── Dataset records ──
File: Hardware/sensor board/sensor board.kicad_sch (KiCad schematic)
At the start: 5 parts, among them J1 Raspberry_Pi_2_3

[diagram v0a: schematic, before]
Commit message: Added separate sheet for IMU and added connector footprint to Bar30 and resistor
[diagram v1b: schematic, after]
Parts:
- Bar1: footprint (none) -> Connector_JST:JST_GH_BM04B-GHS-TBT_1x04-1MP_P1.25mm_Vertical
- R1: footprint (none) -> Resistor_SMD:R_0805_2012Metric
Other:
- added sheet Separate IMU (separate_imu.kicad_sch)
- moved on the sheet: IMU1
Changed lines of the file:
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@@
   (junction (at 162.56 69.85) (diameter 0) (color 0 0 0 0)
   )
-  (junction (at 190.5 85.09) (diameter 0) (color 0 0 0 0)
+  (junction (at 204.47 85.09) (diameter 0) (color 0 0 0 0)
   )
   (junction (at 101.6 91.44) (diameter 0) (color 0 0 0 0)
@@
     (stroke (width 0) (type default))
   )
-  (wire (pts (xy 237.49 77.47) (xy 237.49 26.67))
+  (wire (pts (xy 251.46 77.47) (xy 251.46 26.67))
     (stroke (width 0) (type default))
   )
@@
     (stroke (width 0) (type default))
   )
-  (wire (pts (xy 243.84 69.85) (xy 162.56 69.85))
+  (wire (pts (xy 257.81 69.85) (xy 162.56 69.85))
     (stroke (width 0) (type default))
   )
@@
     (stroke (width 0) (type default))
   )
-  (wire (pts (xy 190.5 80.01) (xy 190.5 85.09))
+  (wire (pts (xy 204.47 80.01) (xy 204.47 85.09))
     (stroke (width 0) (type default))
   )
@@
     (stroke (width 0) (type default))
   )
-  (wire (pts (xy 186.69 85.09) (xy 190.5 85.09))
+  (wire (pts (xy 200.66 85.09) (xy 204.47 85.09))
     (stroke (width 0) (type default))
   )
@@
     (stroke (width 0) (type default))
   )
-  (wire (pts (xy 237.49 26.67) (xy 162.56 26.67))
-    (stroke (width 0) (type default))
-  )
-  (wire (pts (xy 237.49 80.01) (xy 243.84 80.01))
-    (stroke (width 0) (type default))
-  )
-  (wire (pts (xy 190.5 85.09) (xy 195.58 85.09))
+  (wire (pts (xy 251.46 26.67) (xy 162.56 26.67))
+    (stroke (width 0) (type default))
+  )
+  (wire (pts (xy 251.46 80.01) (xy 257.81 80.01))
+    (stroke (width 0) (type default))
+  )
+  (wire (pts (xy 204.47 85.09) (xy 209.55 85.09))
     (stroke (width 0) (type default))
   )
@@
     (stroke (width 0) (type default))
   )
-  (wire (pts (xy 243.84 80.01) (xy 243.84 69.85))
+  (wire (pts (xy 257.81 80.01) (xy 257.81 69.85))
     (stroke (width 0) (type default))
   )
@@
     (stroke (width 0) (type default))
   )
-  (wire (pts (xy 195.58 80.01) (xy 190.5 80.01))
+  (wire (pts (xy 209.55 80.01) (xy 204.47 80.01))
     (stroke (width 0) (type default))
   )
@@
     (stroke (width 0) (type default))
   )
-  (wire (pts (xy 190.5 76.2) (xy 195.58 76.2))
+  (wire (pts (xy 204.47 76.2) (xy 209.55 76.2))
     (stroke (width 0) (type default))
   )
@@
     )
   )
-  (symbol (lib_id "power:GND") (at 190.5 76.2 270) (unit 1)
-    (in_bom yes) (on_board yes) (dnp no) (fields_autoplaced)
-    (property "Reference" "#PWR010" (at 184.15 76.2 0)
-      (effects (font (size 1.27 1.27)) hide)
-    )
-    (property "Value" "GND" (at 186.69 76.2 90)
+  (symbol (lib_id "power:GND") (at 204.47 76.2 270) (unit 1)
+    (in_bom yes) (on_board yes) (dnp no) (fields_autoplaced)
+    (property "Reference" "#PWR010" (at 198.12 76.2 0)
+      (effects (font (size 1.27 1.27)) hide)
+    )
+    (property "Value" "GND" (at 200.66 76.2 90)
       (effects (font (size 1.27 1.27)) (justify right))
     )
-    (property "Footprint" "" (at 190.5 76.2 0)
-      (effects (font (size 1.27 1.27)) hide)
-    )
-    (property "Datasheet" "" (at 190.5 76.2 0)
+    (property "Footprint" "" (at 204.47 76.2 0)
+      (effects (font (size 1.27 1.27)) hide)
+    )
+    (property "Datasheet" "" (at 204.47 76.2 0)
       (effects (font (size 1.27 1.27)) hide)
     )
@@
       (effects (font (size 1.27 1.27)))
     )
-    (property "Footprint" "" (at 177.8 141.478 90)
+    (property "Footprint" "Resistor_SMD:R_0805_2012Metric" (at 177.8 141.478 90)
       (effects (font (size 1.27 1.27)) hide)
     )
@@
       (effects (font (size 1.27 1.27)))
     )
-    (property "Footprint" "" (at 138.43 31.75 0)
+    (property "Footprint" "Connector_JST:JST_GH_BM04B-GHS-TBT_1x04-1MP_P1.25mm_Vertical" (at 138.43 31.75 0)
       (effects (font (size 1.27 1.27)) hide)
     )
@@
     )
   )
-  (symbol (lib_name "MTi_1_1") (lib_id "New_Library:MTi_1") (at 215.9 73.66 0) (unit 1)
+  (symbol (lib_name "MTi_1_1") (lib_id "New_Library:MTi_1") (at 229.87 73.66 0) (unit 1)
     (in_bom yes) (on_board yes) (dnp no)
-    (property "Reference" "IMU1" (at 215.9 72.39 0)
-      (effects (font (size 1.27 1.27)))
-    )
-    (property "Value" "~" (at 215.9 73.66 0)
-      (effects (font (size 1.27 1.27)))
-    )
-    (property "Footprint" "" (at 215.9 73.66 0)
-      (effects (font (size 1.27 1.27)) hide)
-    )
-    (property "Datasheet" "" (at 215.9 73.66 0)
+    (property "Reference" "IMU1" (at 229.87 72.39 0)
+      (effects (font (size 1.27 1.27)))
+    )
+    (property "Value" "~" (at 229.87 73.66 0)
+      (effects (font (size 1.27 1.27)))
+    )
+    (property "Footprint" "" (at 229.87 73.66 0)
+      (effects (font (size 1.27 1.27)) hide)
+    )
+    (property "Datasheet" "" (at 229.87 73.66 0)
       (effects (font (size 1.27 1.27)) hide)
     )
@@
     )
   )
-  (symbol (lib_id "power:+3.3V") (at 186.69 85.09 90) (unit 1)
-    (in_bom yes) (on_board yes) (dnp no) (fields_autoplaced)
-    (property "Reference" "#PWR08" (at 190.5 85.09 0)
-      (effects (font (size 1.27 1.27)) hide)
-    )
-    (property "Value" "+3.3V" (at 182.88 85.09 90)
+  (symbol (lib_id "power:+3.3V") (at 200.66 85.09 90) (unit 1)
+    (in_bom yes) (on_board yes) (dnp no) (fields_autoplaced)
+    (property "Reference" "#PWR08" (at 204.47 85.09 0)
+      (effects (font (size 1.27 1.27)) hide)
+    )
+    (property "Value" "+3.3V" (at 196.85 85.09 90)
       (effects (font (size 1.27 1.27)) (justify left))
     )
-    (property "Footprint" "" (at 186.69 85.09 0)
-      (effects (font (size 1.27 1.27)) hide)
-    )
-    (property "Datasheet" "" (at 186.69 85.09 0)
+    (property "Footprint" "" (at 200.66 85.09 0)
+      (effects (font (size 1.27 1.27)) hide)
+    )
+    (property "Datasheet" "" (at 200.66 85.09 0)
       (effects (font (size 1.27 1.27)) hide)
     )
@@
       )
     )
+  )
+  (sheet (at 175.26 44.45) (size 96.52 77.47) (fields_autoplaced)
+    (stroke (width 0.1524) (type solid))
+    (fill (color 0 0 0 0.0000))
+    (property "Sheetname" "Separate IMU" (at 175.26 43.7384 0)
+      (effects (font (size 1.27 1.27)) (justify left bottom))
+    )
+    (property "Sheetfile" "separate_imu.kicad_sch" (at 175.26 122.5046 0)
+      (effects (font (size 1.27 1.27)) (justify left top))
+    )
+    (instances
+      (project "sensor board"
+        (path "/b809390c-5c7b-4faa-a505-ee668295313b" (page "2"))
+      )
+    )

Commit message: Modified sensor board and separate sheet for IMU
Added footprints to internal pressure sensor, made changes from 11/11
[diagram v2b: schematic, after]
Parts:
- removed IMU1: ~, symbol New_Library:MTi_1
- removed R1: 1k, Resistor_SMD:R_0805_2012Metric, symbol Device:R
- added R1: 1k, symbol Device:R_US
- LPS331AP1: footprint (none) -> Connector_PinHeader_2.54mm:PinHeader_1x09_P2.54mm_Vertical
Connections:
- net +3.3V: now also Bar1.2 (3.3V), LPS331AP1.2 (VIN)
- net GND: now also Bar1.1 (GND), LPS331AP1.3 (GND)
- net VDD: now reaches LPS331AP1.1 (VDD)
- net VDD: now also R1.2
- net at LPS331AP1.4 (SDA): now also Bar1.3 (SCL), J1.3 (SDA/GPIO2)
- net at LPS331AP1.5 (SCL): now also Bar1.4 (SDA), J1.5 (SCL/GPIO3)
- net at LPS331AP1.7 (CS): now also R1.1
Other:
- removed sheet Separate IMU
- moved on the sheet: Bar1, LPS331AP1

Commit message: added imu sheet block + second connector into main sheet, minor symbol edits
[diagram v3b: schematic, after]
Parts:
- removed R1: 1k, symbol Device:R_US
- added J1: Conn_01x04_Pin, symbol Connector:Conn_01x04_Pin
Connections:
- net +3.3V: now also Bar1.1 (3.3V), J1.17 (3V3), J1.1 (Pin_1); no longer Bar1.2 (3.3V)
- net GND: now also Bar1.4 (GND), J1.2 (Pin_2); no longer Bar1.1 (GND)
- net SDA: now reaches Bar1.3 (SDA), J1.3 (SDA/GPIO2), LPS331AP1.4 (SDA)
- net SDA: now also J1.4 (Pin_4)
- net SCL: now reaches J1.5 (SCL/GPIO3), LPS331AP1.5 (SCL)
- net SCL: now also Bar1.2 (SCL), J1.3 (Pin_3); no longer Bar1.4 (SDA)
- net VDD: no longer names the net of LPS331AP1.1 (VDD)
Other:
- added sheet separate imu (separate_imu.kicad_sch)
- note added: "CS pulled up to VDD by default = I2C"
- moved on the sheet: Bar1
───
■ Exercise details ■
Print exactly the lines above, starting at the line that contains "- removed IMU1: ~, symbol New_Library:MTi_1" and ending with the last line of the records, both included.

■ Result of this exercise ■
- removed IMU1: ~, symbol New_Library:MTi_1
- removed R1: 1k, Resistor_SMD:R_0805_2012Metric, symbol Device:R
- added R1: 1k, symbol Device:R_US
- LPS331AP1: footprint (none) -> Connector_PinHeader_2.54mm:PinHeader_1x09_P2.54mm_Vertical
Connections:
- net +3.3V: now also Bar1.2 (3.3V), LPS331AP1.2 (VIN)
- net GND: now also Bar1.1 (GND), LPS331AP1.3 (GND)
- net VDD: now reaches LPS331AP1.1 (VDD)
- net VDD: now also R1.2
- net at LPS331AP1.4 (SDA): now also Bar1.3 (SCL), J1.3 (SDA/GPIO2)
- net at LPS331AP1.5 (SCL): now also Bar1.4 (SDA), J1.5 (SCL/GPIO3)
- net at LPS331AP1.7 (CS): now also R1.1
Other:
- removed sheet Separate IMU
- moved on the sheet: Bar1, LPS331AP1

Commit message: added imu sheet block + second connector into main sheet, minor symbol edits
[diagram v3b: schematic, after]
Parts:
- removed R1: 1k, symbol Device:R_US
- added J1: Conn_01x04_Pin, symbol Connector:Conn_01x04_Pin
Connections:
- net +3.3V: now also Bar1.1 (3.3V), J1.17 (3V3), J1.1 (Pin_1); no longer Bar1.2 (3.3V)
- net GND: now also Bar1.4 (GND), J1.2 (Pin_2); no longer Bar1.1 (GND)
- net SDA: now reaches Bar1.3 (SDA), J1.3 (SDA/GPIO2), LPS331AP1.4 (SDA)
- net SDA: now also J1.4 (Pin_4)
- net SCL: now reaches J1.5 (SCL/GPIO3), LPS331AP1.5 (SCL)
- net SCL: now also Bar1.2 (SCL), J1.3 (Pin_3); no longer Bar1.4 (SDA)
- net VDD: no longer names the net of LPS331AP1.1 (VDD)
Other:
- added sheet separate imu (separate_imu.kicad_sch)
- note added: "CS pulled up to VDD by default = I2C"
- moved on the sheet: Bar1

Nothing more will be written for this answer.